→ **Problem requirements**
Copy out each line of the data below in which the string "Rebar" appears.

::::

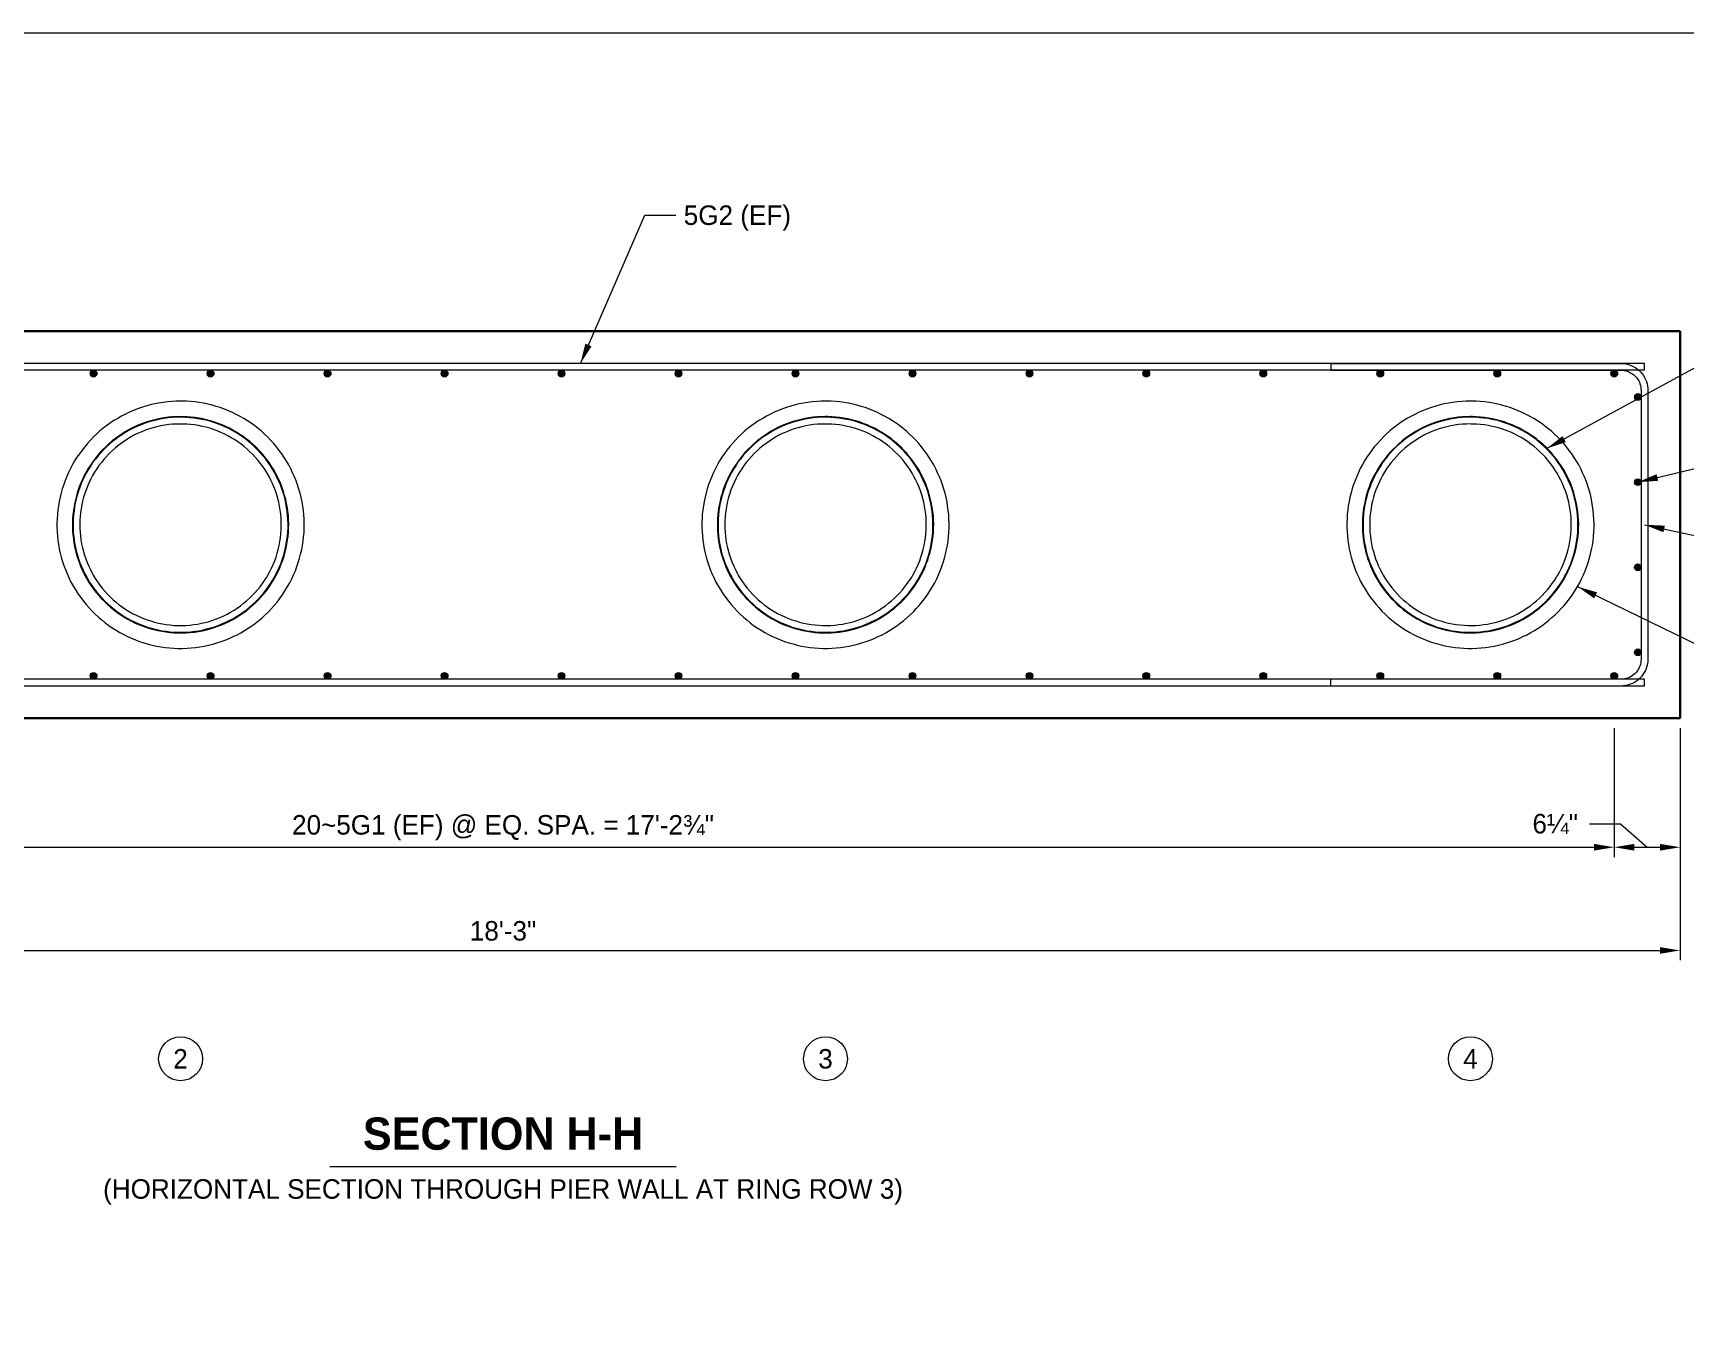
# Model space of a CAD drawing. Extents: x -1 to 861, y -26 to 2.
# Drawn here: x 605.68 to 618.49, y -9.03 to 1 of the extents above; entities that cross this region are included whole.
import ezdxf
from ezdxf.enums import TextEntityAlignment as Align

# ---------------------------------------------------------------- set-up
doc = ezdxf.new("R2010")
doc.units = 21
doc.header["$MEASUREMENT"] = 0
for name, color, linetype, lineweight in [('Border', 7, 'Continuous', 15), ('Dimension', 7, 'Continuous', 9), ('Leader', 7, 'Continuous', 9), ('PileSteel', 30, 'Continuous', 15), ('Rebar', 2, 'Continuous', 15), ('SubStrConc', 3, 'Continuous', 30), ('Symbols', 7, 'Continuous', 15), ('TextStructures', 7, 'Continuous', 9)]:
    doc.layers.add(name, color=color, linetype=linetype, lineweight=lineweight)
doc.styles.add('FDOT Bold (Large)', font='FDOTBold.ttf')
doc.styles.add('FDOT Structures', font='FDOT.ttf')
doc.styles.add('FDOT Structures Annotation', font='FDOT.ttf')

msp = doc.modelspace()

# ---------------------------------------------------------------- hatches: boundary and pattern name
at = {"layer": 'Rebar'}
h = msp.add_hatch(color=256, dxfattribs=at)
h.dxf.hatch_style = 1
edge = h.paths.add_edge_path()
edge.add_arc((606.151, -1.64), 0.026, 0, 360)
h = msp.add_hatch(color=256, dxfattribs=at)
h.dxf.hatch_style = 1
edge = h.paths.add_edge_path()
edge.add_arc((607.058, -1.64), 0.026, 0, 360)
h = msp.add_hatch(color=256, dxfattribs=at)
h.dxf.hatch_style = 1
edge = h.paths.add_edge_path()
edge.add_arc((607.965, -1.64), 0.026, 0, 360)
h = msp.add_hatch(color=256, dxfattribs=at)
h.dxf.hatch_style = 1
edge = h.paths.add_edge_path()
edge.add_arc((608.872, -1.64), 0.026, 0, 360)
h = msp.add_hatch(color=256, dxfattribs=at)
h.dxf.hatch_style = 1
edge = h.paths.add_edge_path()
edge.add_arc((609.778, -1.64), 0.026, 0, 360)
h = msp.add_hatch(color=256, dxfattribs=at)
h.dxf.hatch_style = 1
edge = h.paths.add_edge_path()
edge.add_arc((610.685, -1.64), 0.026, 0, 360)
h = msp.add_hatch(color=256, dxfattribs=at)
h.dxf.hatch_style = 1
edge = h.paths.add_edge_path()
edge.add_arc((611.592, -1.64), 0.026, 0, 360)
h = msp.add_hatch(color=256, dxfattribs=at)
h.dxf.hatch_style = 1
edge = h.paths.add_edge_path()
edge.add_arc((612.499, -1.64), 0.026, 0, 360)
h = msp.add_hatch(color=256, dxfattribs=at)
h.dxf.hatch_style = 1
edge = h.paths.add_edge_path()
edge.add_arc((613.406, -1.64), 0.026, 0, 360)
h = msp.add_hatch(color=256, dxfattribs=at)
h.dxf.hatch_style = 1
edge = h.paths.add_edge_path()
edge.add_arc((614.312, -1.64), 0.026, 0, 360)
h = msp.add_hatch(color=256, dxfattribs=at)
h.dxf.hatch_style = 1
edge = h.paths.add_edge_path()
edge.add_arc((615.219, -1.64), 0.026, 0, 360)
h = msp.add_hatch(color=256, dxfattribs=at)
h.dxf.hatch_style = 1
edge = h.paths.add_edge_path()
edge.add_arc((616.126, -1.64), 0.026, 0, 360)
h = msp.add_hatch(color=256, dxfattribs=at)
h.dxf.hatch_style = 1
edge = h.paths.add_edge_path()
edge.add_arc((617.033, -1.64), 0.026, 0, 360)
h = msp.add_hatch(color=256, dxfattribs=at)
h.dxf.hatch_style = 1
edge = h.paths.add_edge_path()
edge.add_arc((617.94, -1.64), 0.026, 0, 360)
h = msp.add_hatch(color=256, dxfattribs=at)
h.dxf.hatch_style = 1
edge = h.paths.add_edge_path()
edge.add_arc((618.122, -1.822), 0.026, 0, 360)
h = msp.add_hatch(color=256, dxfattribs=at)
h.dxf.hatch_style = 1
edge = h.paths.add_edge_path()
edge.add_arc((618.122, -2.482), 0.026, 0, 360)
h = msp.add_hatch(color=256, dxfattribs=at)
h.dxf.hatch_style = 1
edge = h.paths.add_edge_path()
edge.add_arc((618.122, -3.142), 0.026, 0, 360)
h = msp.add_hatch(color=256, dxfattribs=at)
h.dxf.hatch_style = 1
edge = h.paths.add_edge_path()
edge.add_arc((618.122, -3.801), 0.026, 0, 360)
h = msp.add_hatch(color=256, dxfattribs=at)
h.dxf.hatch_style = 1
edge = h.paths.add_edge_path()
edge.add_arc((606.151, -3.984), 0.026, 0, 360)
h = msp.add_hatch(color=256, dxfattribs=at)
h.dxf.hatch_style = 1
edge = h.paths.add_edge_path()
edge.add_arc((607.058, -3.984), 0.026, 0, 360)
h = msp.add_hatch(color=256, dxfattribs=at)
h.dxf.hatch_style = 1
edge = h.paths.add_edge_path()
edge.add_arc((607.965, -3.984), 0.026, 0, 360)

::::

→ **Answer to the exercise**
for name, color, linetype, lineweight in [('Border', 7, 'Continuous', 15), ('Dimension', 7, 'Continuous', 9), ('Leader', 7, 'Continuous', 9), ('PileSteel', 30, 'Continuous', 15), ('Rebar', 2, 'Continuous', 15), ('SubStrConc', 3, 'Continuous', 30), ('Symbols', 7, 'Continuous', 15), ('TextStructures', 7, 'Continuous', 9)]:
at = {"layer": 'Rebar'}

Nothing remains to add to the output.